(Problem description): Would you return each record that follows word for word, without its pictures?

(Material supplied):
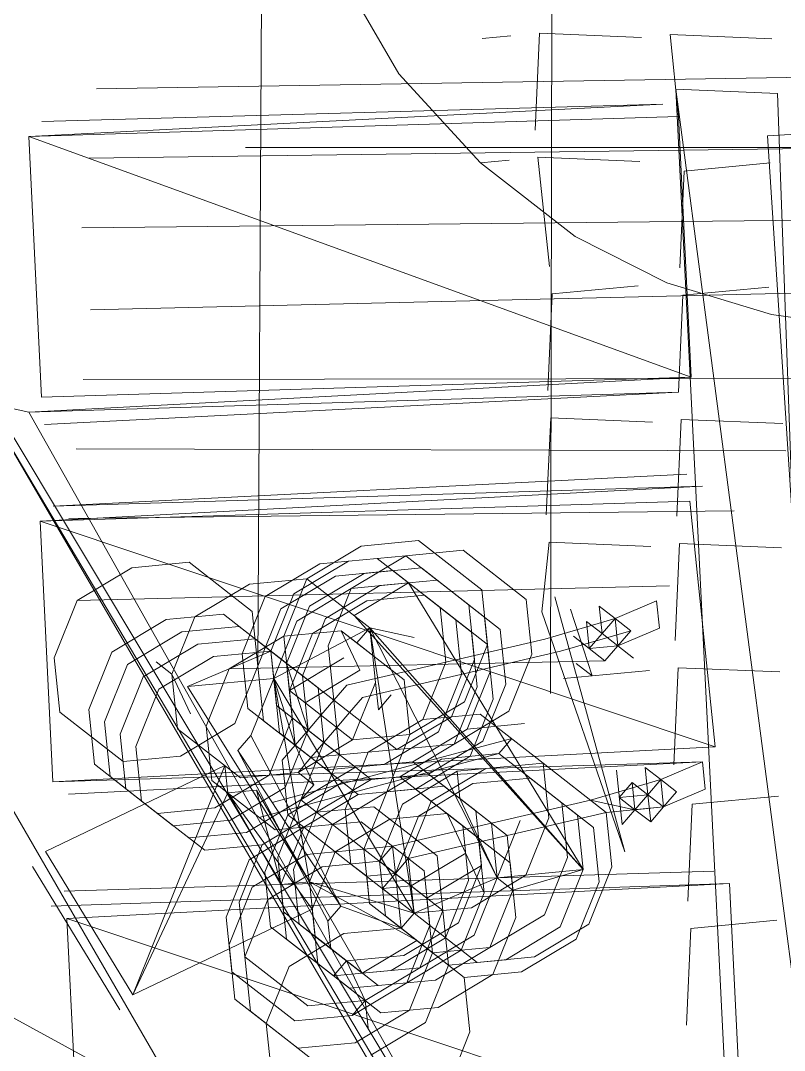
# Paper-space layout '01 Roof Support Layout' of a CAD drawing. Header units: millimetres. Extents: x 5 to 415, y 7 to 290.
# Drawn here: x 112.445 to 114.839, y 116.169 to 119.398 of the extents above; entities that cross this region are included whole.
import ezdxf

# ---------------------------------------------------------------- set-up
doc = ezdxf.new("R2010")
doc.units = ezdxf.units.MM
doc.linetypes.add('B2_DASH_DOT', pattern=[5.25, 2.8, -0.8, 0.25, -1.4])
doc.layers.add('GA_REFERENCE', color=253, linetype='Continuous')
doc.layers.add('UPPER_ROOF', color=7, linetype='Continuous')

# ---------------------------------------------------------------- blocks, each defined once
blk = doc.blocks.new('SHEET_01_ROOF')
at = {"layer": 'GA_REFERENCE', "lineweight": 5}
for p, q in [((114.1133, 121.1348), (114.1055, 117.2877)), ((113.2045, 120.2711), (113.1885, 117.3741)), ((113.4646, 119.5177), (113.6307, 119.2309)), ((113.8915, 119.3419), (113.9814, 119.3504)), ((114.0714, 119.3589), (114.0576, 119.0551)), ((114.0714, 119.3589), (114.3905, 119.3458)), ((114.4804, 119.3543), (114.5072, 119.0975)), ((114.4804, 119.3543), (114.7996, 119.3412)), ((113.6307, 119.2309), (113.8867, 118.9526)), ((115.4468, 119.2294), (112.6821, 119.1846)), ((114.8174, 119.17), (114.4982, 119.1831)), ((114.4982, 119.1831), (114.9359, 115.8535)), ((114.4982, 119.1831), (114.9359, 115.8535)), ((114.6662, 115.8281), (114.4982, 119.1831)), ((114.9359, 115.8535), (114.8174, 119.17)), ((112.4707, 119.035), (114.4577, 119.1361)), ((114.4577, 119.1361), (112.5112, 119.082)), ((112.5112, 119.082), (114.4577, 119.1361)), ((114.4577, 119.1361), (112.5112, 119.082)), ((112.5112, 119.082), (114.4577, 119.1361)), ((114.7858, 119.0374), (116.0041, 119.1092)), ((114.5072, 119.0975), (112.4707, 119.035)), ((114.5072, 119.0975), (112.4707, 119.035)), ((112.4707, 119.035), (114.5072, 119.0975)), ((114.5469, 118.2802), (114.5072, 119.0975)), ((114.8613, 117.8777), (114.7858, 119.0374)), ((114.8613, 117.8777), (114.7858, 119.0374)), ((112.4707, 119.035), (114.5469, 118.2802)), ((112.4707, 119.035), (114.5469, 118.2802)), ((112.5105, 118.2176), (112.4707, 119.035)), ((115.3342, 119.0027), (112.6594, 118.9664)), ((113.8867, 118.9526), (113.9766, 118.961)), ((113.8867, 118.9526), (114.1832, 118.7212)), ((114.0665, 118.9695), (114.1022, 118.6272)), ((114.0665, 118.9695), (114.3857, 118.9564)), ((114.525, 118.9264), (114.7948, 118.9518)), ((114.525, 118.9264), (114.5113, 118.6225)), ((115.2217, 118.776), (112.6368, 118.7481)), ((114.1832, 118.7212), (114.4708, 118.5755)), ((114.1111, 118.5416), (114.3808, 118.567)), ((114.4708, 118.5755), (114.7988, 118.4768)), ((114.5202, 118.5369), (114.7899, 118.5624)), ((115.1091, 118.5493), (112.6636, 118.4914)), ((114.1111, 118.5416), (114.0973, 118.2378)), ((114.5202, 118.5369), (114.5065, 118.2331)), ((114.7988, 118.4768), (115.1674, 118.4251)), ((112.47, 118.1706), (114.5469, 118.2802)), ((114.5469, 118.2802), (112.47, 118.1706)), ((112.5105, 118.2176), (114.5469, 118.2802)), ((114.5469, 118.2802), (112.5105, 118.2176)), ((114.956, 118.2756), (112.6409, 118.2731)), ((114.5065, 118.2331), (112.47, 118.1706)), ((112.5194, 118.132), (114.5065, 118.2331)), ((114.5065, 118.2331), (112.5194, 118.132)), ((112.5194, 118.132), (114.5065, 118.2331)), ((112.47, 118.1706), (112.3307, 118.2007)), ((112.3307, 118.2007), (113.9331, 115.4564)), ((113.9825, 115.4178), (112.3307, 118.2007)), ((112.47, 118.1706), (112.3307, 118.2007)), ((113.9736, 115.5034), (112.47, 118.1706)), ((112.47, 118.1706), (113.9736, 115.5034)), ((113.9736, 115.5034), (112.47, 118.1706)), ((113.9736, 115.5034), (112.3801, 118.1621)), ((114.1063, 118.1522), (114.0925, 117.8483)), ((114.1063, 118.1522), (114.4255, 118.1391)), ((114.5154, 118.1475), (114.5016, 117.8437)), ((114.5154, 118.1475), (114.8345, 118.1344)), ((114.8434, 118.0489), (112.6182, 118.0549)), ((114.5332, 117.9764), (112.5462, 117.8753)), ((112.5462, 117.8753), (114.5332, 117.9764)), ((114.5332, 117.9764), (112.5462, 117.8753)), ((112.5057, 117.8282), (114.5826, 117.9378)), ((114.5826, 117.9378), (112.5057, 117.8282)), ((112.5057, 117.8282), (114.5826, 117.9378)), ((114.5826, 117.9378), (112.5462, 117.8753)), ((112.5462, 117.8753), (114.5826, 117.9378)), ((114.5826, 117.9378), (112.5462, 117.8753)), ((112.5462, 117.8753), (114.5826, 117.9378)), ((114.5421, 117.8908), (112.5057, 117.8282)), ((114.5421, 117.8908), (112.5057, 117.8282)), ((114.6223, 117.1204), (114.5421, 117.8908)), ((114.6814, 117.8607), (112.5956, 117.8367)), ((112.5057, 117.8282), (114.6223, 117.1204)), ((112.5057, 117.8282), (114.6223, 117.1204)), ((112.5454, 117.0109), (112.5057, 117.8282)), ((113.5125, 117.7504), (113.3416, 117.6478)), ((113.5125, 117.7504), (113.3416, 117.6478)), ((113.5125, 117.7504), (113.3416, 117.6478)), ((113.5125, 117.7504), (113.3416, 117.6478)), ((113.6923, 117.7674), (113.5125, 117.7504)), ((113.6923, 117.7674), (113.5125, 117.7504)), ((113.6923, 117.7674), (113.5125, 117.7504)), ((113.6923, 117.7674), (113.5125, 117.7504)), ((113.89, 117.6131), (113.6923, 117.7674)), ((113.89, 117.6131), (113.6923, 117.7674)), ((113.89, 117.6131), (113.6923, 117.7674)), ((113.89, 117.6131), (113.6923, 117.7674)), ((114.1014, 117.7627), (114.0788, 117.5445)), ((114.1014, 117.7627), (114.4206, 117.7496)), ((114.5105, 117.7581), (114.4967, 117.4543)), ((114.5105, 117.7581), (114.8297, 117.7451)), ((113.6518, 117.7203), (113.472, 117.7034)), ((113.6518, 117.7203), (113.472, 117.7034)), ((113.6518, 117.7203), (113.472, 117.7034)), ((113.6518, 117.7203), (113.472, 117.7034)), ((113.6518, 117.7203), (113.4809, 117.6178)), ((113.8317, 117.7373), (113.6518, 117.7203)), ((113.8495, 117.5661), (113.6518, 117.7203)), ((113.8495, 117.5661), (113.6518, 117.7203)), ((113.8495, 117.5661), (113.6518, 117.7203)), ((113.8495, 117.5661), (113.6518, 117.7203)), ((114.0294, 117.5831), (113.8317, 117.7373)), ((112.7932, 117.6825), (112.6223, 117.58)), ((112.973, 117.6995), (112.7932, 117.6825)), ((113.1707, 117.5453), (112.973, 117.6995)), ((113.3821, 117.6949), (113.2112, 117.5923)), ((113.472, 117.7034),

(Written solution):
# Paper-space layout '01 Roof Support Layout' of a CAD drawing. Header units: millimetres. Extents: x 5 to 415, y 7 to 290.
# Drawn here: x 112.445 to 114.839, y 116.169 to 119.398 of the extents above; entities that cross this region are included whole.
import ezdxf

# ---------------------------------------------------------------- set-up
doc = ezdxf.new("R2010")
doc.units = ezdxf.units.MM
doc.linetypes.add('B2_DASH_DOT', pattern=[5.25, 2.8, -0.8, 0.25, -1.4])
doc.layers.add('GA_REFERENCE', color=253, linetype='Continuous')
doc.layers.add('UPPER_ROOF', color=7, linetype='Continuous')

# ---------------------------------------------------------------- blocks, each defined once
blk = doc.blocks.new('SHEET_01_ROOF')
at = {"layer": 'GA_REFERENCE', "lineweight": 5}
for p, q in [((114.1133, 121.1348), (114.1055, 117.2877)), ((113.2045, 120.2711), (113.1885, 117.3741)), ((113.4646, 119.5177), (113.6307, 119.2309)), ((113.8915, 119.3419), (113.9814, 119.3504)), ((114.0714, 119.3589), (114.0576, 119.0551)), ((114.0714, 119.3589), (114.3905, 119.3458)), ((114.4804, 119.3543), (114.5072, 119.0975)), ((114.4804, 119.3543), (114.7996, 119.3412)), ((113.6307, 119.2309), (113.8867, 118.9526)), ((115.4468, 119.2294), (112.6821, 119.1846)), ((114.8174, 119.17), (114.4982, 119.1831)), ((114.4982, 119.1831), (114.9359, 115.8535)), ((114.4982, 119.1831), (114.9359, 115.8535)), ((114.6662, 115.8281), (114.4982, 119.1831)), ((114.9359, 115.8535), (114.8174, 119.17)), ((112.4707, 119.035), (114.4577, 119.1361)), ((114.4577, 119.1361), (112.5112, 119.082)), ((112.5112, 119.082), (114.4577, 119.1361)), ((114.4577, 119.1361), (112.5112, 119.082)), ((112.5112, 119.082), (114.4577, 119.1361)), ((114.7858, 119.0374), (116.0041, 119.1092)), ((114.5072, 119.0975), (112.4707, 119.035)), ((114.5072, 119.0975), (112.4707, 119.035)), ((112.4707, 119.035), (114.5072, 119.0975)), ((114.5469, 118.2802), (114.5072, 119.0975)), ((114.8613, 117.8777), (114.7858, 119.0374)), ((114.8613, 117.8777), (114.7858, 119.0374)), ((112.4707, 119.035), (114.5469, 118.2802)), ((112.4707, 119.035), (114.5469, 118.2802)), ((112.5105, 118.2176), (112.4707, 119.035)), ((115.3342, 119.0027), (112.6594, 118.9664)), ((113.8867, 118.9526), (113.9766, 118.961)), ((113.8867, 118.9526), (114.1832, 118.7212)), ((114.0665, 118.9695), (114.1022, 118.6272)), ((114.0665, 118.9695), (114.3857, 118.9564)), ((114.525, 118.9264), (114.7948, 118.9518)), ((114.525, 118.9264), (114.5113, 118.6225)), ((115.2217, 118.776), (112.6368, 118.7481)), ((114.1832, 118.7212), (114.4708, 118.5755)), ((114.1111, 118.5416), (114.3808, 118.567)), ((114.4708, 118.5755), (114.7988, 118.4768)), ((114.5202, 118.5369), (114.7899, 118.5624)), ((115.1091, 118.5493), (112.6636, 118.4914)), ((114.1111, 118.5416), (114.0973, 118.2378)), ((114.5202, 118.5369), (114.5065, 118.2331)), ((114.7988, 118.4768), (115.1674, 118.4251)), ((112.47, 118.1706), (114.5469, 118.2802)), ((114.5469, 118.2802), (112.47, 118.1706)), ((112.5105, 118.2176), (114.5469, 118.2802)), ((114.5469, 118.2802), (112.5105, 118.2176)), ((114.956, 118.2756), (112.6409, 118.2731)), ((114.5065, 118.2331), (112.47, 118.1706)), ((112.5194, 118.132), (114.5065, 118.2331)), ((114.5065, 118.2331), (112.5194, 118.132)), ((112.5194, 118.132), (114.5065, 118.2331)), ((112.47, 118.1706), (112.3307, 118.2007)), ((112.3307, 118.2007), (113.9331, 115.4564)), ((113.9825, 115.4178), (112.3307, 118.2007)), ((112.47, 118.1706), (112.3307, 118.2007)), ((113.9736, 115.5034), (112.47, 118.1706)), ((112.47, 118.1706), (113.9736, 115.5034)), ((113.9736, 115.5034), (112.47, 118.1706)), ((113.9736, 115.5034), (112.3801, 118.1621)), ((114.1063, 118.1522), (114.0925, 117.8483)), ((114.1063, 118.1522), (114.4255, 118.1391)), ((114.5154, 118.1475), (114.5016, 117.8437)), ((114.5154, 118.1475), (114.8345, 118.1344)), ((114.8434, 118.0489), (112.6182, 118.0549)), ((114.5332, 117.9764), (112.5462, 117.8753)), ((112.5462, 117.8753), (114.5332, 117.9764)), ((114.5332, 117.9764), (112.5462, 117.8753)), ((112.5057, 117.8282), (114.5826, 117.9378)), ((114.5826, 117.9378), (112.5057, 117.8282)), ((112.5057, 117.8282), (114.5826, 117.9378)), ((114.5826, 117.9378), (112.5462, 117.8753)), ((112.5462, 117.8753), (114.5826, 117.9378)), ((114.5826, 117.9378), (112.5462, 117.8753)), ((112.5462, 117.8753), (114.5826, 117.9378)), ((114.5421, 117.8908), (112.5057, 117.8282)), ((114.5421, 117.8908), (112.5057, 117.8282)), ((114.6223, 117.1204), (114.5421, 117.8908)), ((114.6814, 117.8607), (112.5956, 117.8367)), ((112.5057, 117.8282), (114.6223, 117.1204)), ((112.5057, 117.8282), (114.6223, 117.1204)), ((112.5454, 117.0109), (112.5057, 117.8282)), ((113.5125, 117.7504), (113.3416, 117.6478)), ((113.5125, 117.7504), (113.3416, 117.6478)), ((113.5125, 117.7504), (113.3416, 117.6478)), ((113.5125, 117.7504), (113.3416, 117.6478)), ((113.6923, 117.7674), (113.5125, 117.7504)), ((113.6923, 117.7674), (113.5125, 117.7504)), ((113.6923, 117.7674), (113.5125, 117.7504)), ((113.6923, 117.7674), (113.5125, 117.7504)), ((113.89, 117.6131), (113.6923, 117.7674)), ((113.89, 117.6131), (113.6923, 117.7674)), ((113.89, 117.6131), (113.6923, 117.7674)), ((113.89, 117.6131), (113.6923, 117.7674)), ((114.1014, 117.7627), (114.0788, 117.5445)), ((114.1014, 117.7627), (114.4206, 117.7496)), ((114.5105, 117.7581), (114.4967, 117.4543)), ((114.5105, 117.7581), (114.8297, 117.7451)), ((113.6518, 117.7203), (113.472, 117.7034)), ((113.6518, 117.7203), (113.472, 117.7034)), ((113.6518, 117.7203), (113.472, 117.7034)), ((113.6518, 117.7203), (113.472, 117.7034)), ((113.6518, 117.7203), (113.4809, 117.6178)), ((113.8317, 117.7373), (113.6518, 117.7203)), ((113.8495, 117.5661), (113.6518, 117.7203)), ((113.8495, 117.5661), (113.6518, 117.7203)), ((113.8495, 117.5661), (113.6518, 117.7203)), ((113.8495, 117.5661), (113.6518, 117.7203)), ((114.0294, 117.5831), (113.8317, 117.7373)), ((112.7932, 117.6825), (112.6223, 117.58)), ((112.973, 117.6995), (112.7932, 117.6825)), ((113.1707, 117.5453), (112.973, 117.6995)), ((113.3821, 117.6949), (113.2112, 117.5923)), ((113.472, 117.7034),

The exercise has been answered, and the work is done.